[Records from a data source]
· · · · · · ·

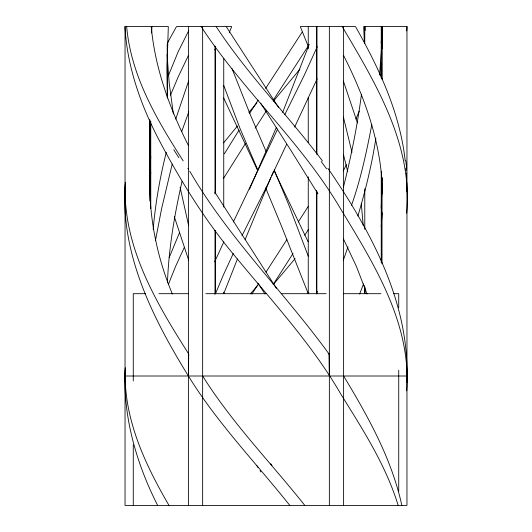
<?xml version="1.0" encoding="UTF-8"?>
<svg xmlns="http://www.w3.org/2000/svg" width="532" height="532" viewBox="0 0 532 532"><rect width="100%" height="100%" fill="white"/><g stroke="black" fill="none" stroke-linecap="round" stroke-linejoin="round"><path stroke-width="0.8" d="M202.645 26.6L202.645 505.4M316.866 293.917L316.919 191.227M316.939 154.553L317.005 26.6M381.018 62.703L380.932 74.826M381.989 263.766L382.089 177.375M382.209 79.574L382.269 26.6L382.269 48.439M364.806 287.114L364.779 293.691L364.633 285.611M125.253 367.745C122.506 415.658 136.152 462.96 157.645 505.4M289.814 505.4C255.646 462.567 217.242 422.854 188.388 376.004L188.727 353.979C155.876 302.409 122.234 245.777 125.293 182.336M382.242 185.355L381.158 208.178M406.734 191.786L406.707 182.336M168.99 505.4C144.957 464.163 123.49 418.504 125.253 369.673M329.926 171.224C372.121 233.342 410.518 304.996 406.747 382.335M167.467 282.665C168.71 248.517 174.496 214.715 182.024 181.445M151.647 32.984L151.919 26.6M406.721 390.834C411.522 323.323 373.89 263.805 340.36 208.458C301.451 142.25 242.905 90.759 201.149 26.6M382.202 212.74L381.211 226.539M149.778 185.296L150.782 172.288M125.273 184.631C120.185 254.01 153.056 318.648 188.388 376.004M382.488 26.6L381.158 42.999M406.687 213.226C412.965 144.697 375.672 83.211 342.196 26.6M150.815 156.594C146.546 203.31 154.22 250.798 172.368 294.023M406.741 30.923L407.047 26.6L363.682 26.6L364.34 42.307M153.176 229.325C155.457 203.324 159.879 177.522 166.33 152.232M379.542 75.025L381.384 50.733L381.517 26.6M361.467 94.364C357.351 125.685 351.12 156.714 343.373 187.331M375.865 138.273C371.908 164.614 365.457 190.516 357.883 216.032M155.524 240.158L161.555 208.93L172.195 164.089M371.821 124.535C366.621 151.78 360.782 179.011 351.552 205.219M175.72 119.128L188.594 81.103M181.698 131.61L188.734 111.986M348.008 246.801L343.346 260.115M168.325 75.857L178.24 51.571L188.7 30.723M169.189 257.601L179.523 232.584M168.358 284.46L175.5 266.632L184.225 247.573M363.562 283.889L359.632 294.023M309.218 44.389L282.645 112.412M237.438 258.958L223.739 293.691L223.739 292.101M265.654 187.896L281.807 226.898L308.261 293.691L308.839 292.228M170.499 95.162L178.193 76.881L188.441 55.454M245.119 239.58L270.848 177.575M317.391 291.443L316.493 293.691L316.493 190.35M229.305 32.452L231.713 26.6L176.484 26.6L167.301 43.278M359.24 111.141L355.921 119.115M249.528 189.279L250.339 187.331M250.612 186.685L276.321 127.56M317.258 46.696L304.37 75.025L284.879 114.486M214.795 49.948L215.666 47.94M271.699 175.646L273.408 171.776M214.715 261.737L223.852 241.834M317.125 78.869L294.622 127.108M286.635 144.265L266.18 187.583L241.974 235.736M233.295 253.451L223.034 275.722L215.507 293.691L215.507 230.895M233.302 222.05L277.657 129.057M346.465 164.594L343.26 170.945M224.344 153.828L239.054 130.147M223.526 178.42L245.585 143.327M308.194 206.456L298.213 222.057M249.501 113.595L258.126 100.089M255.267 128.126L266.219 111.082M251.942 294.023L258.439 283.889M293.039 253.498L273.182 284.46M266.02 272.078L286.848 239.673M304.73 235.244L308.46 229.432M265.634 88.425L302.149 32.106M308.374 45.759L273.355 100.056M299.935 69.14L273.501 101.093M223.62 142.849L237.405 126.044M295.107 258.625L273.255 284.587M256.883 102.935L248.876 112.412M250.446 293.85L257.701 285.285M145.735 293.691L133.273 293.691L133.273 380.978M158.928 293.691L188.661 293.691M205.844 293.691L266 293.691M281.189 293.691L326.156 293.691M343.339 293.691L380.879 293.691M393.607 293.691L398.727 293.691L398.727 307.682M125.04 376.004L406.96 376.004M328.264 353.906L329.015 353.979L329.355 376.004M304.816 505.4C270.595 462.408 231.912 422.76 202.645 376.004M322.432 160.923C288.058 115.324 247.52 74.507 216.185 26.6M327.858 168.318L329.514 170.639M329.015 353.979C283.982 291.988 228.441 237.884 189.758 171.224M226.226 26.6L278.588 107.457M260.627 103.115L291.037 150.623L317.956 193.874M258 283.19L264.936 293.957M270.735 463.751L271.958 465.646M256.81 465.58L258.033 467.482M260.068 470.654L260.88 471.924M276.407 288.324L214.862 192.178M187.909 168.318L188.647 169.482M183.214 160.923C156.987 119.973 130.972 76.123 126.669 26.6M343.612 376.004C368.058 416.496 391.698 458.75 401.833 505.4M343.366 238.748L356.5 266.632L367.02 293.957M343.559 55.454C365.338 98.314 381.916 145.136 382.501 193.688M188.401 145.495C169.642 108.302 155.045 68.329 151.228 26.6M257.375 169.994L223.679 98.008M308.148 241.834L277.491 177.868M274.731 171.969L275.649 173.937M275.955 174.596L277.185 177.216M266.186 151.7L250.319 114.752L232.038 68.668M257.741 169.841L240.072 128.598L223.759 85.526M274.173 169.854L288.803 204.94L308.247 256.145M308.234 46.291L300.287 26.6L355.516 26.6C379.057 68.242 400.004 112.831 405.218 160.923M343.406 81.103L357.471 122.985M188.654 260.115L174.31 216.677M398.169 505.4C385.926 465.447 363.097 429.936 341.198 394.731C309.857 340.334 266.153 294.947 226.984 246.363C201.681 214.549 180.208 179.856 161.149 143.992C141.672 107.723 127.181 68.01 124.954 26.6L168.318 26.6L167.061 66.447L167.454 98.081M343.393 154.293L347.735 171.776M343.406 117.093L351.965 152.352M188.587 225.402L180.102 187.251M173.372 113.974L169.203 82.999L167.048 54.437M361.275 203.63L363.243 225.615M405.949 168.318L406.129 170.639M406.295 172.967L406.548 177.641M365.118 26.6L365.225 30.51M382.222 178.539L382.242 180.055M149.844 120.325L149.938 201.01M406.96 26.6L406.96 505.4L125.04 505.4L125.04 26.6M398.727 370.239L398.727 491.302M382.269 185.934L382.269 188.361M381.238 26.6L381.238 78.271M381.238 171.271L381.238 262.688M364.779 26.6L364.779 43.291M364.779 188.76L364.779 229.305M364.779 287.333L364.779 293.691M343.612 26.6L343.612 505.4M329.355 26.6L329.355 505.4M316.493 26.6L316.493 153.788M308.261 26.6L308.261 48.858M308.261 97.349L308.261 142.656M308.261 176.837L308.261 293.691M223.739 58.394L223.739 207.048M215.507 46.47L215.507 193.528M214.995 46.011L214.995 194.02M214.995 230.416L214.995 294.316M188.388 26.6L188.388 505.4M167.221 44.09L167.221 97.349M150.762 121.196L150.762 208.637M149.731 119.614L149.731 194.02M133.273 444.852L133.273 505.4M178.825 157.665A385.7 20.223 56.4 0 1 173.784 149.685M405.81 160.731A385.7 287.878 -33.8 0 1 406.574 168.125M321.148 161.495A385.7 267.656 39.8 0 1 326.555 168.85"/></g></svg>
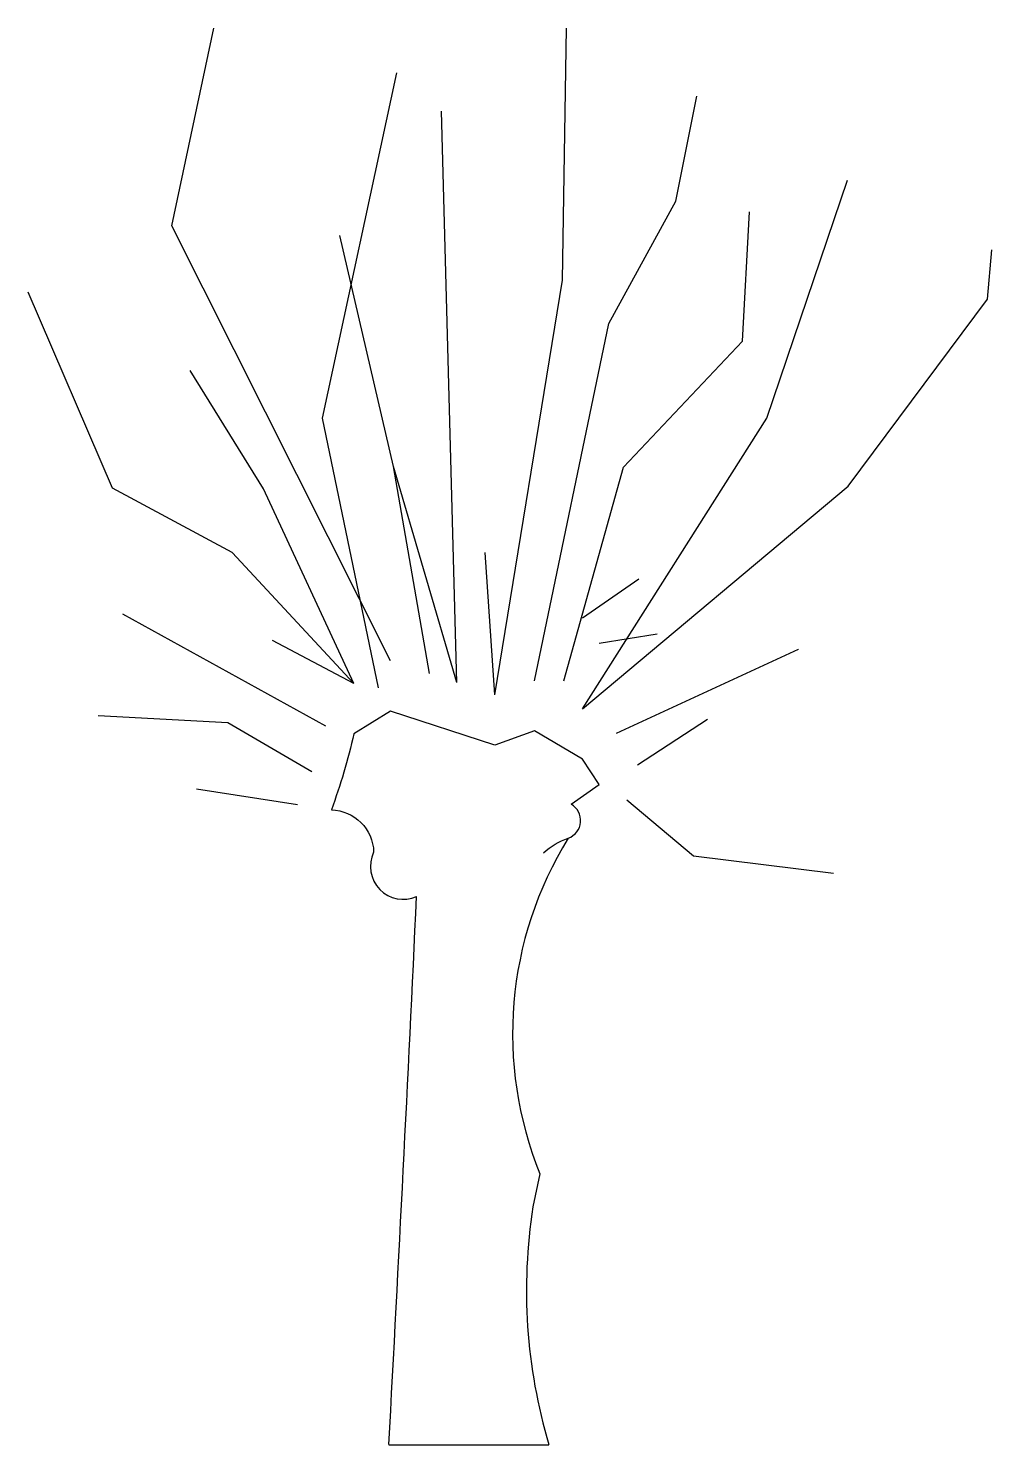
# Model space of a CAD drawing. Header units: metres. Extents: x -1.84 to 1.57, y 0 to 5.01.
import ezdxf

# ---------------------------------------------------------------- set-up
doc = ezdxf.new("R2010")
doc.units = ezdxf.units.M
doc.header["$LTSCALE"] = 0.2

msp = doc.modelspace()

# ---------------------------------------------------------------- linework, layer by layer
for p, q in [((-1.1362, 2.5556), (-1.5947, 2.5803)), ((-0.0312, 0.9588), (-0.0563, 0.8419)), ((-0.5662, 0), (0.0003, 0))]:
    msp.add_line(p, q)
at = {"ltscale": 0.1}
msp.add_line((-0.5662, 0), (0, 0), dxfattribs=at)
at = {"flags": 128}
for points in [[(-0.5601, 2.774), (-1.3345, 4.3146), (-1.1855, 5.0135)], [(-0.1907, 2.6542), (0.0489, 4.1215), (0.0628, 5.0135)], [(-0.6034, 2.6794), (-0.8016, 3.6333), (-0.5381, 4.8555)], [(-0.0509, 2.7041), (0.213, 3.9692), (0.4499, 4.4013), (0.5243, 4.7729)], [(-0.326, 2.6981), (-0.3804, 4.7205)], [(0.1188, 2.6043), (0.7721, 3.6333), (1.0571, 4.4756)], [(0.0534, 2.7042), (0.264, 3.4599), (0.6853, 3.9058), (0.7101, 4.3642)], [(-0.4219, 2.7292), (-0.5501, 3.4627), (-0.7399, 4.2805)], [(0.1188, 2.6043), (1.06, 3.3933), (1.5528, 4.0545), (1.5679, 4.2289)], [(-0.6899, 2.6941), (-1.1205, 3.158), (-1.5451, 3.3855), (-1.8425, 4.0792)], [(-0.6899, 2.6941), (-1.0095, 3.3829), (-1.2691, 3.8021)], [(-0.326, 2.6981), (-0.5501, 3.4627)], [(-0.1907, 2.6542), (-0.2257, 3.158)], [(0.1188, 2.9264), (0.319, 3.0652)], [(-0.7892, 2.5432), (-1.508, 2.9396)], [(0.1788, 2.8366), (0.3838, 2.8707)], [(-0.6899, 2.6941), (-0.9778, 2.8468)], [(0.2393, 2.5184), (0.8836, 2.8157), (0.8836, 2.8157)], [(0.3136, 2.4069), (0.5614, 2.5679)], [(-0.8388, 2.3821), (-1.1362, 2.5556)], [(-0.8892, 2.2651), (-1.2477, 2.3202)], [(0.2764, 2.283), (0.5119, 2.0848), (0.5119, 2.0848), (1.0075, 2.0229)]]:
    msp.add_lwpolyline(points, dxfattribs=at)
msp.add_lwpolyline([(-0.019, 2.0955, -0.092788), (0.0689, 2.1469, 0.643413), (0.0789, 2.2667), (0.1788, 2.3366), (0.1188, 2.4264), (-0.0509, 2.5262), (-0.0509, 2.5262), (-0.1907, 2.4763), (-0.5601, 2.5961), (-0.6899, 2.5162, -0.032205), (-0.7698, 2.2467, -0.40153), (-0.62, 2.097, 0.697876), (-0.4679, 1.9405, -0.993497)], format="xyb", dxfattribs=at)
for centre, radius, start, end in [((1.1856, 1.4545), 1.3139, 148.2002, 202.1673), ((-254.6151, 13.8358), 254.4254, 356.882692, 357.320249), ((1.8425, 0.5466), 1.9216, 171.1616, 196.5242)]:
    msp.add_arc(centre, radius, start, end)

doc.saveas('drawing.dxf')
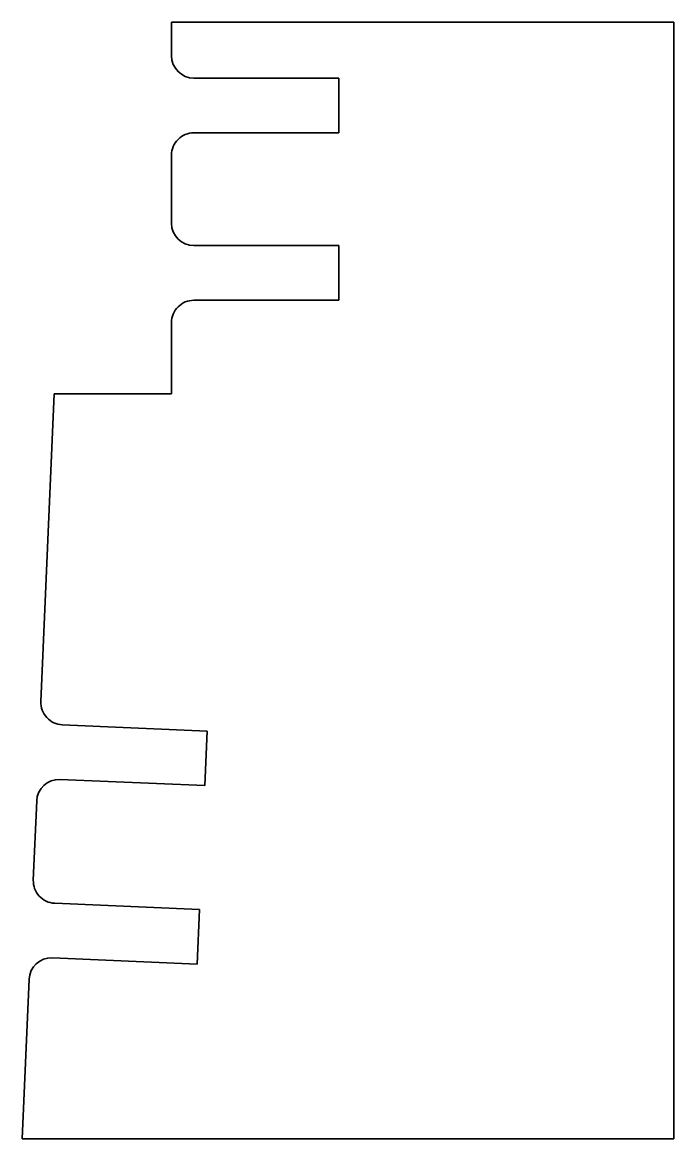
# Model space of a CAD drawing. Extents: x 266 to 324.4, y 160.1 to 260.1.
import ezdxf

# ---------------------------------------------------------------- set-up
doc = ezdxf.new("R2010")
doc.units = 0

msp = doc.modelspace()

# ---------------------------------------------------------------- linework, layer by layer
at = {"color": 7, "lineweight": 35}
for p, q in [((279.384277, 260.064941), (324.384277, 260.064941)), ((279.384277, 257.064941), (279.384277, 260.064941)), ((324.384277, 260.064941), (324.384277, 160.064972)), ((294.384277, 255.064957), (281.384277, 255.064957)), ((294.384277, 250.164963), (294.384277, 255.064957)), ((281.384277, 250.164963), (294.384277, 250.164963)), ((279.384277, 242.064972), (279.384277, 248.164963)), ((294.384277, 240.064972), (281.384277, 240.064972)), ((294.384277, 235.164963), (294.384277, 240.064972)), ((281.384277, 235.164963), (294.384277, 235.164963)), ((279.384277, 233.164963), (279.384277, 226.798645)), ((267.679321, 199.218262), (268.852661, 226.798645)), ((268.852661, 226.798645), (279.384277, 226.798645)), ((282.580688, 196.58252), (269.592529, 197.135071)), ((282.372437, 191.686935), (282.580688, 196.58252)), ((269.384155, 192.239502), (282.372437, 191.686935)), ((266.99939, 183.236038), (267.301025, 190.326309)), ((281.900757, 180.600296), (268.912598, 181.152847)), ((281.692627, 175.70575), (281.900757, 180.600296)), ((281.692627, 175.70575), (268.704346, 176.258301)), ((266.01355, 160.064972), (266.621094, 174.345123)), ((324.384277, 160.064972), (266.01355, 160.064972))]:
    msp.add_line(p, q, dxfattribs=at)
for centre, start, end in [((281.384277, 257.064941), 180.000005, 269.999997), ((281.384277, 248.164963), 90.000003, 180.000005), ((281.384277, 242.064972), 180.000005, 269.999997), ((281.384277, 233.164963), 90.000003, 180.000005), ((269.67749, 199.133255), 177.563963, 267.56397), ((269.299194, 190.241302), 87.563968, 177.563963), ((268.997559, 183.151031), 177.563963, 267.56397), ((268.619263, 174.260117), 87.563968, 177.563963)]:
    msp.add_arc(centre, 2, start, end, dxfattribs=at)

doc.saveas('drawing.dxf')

· · · · · · ·

• **Task requirements**:
Each line of the data that holds "radius" should be copied.

• **Final answer**:
for centre, radius, start, end in [((1.1856, 1.4545), 1.3139, 148.2002, 202.1673), ((-254.6151, 13.8358), 254.4254, 356.882692, 357.320249), ((1.8425, 0.5466), 1.9216, 171.1616, 196.5242)]:
    msp.add_arc(centre, radius, start, end)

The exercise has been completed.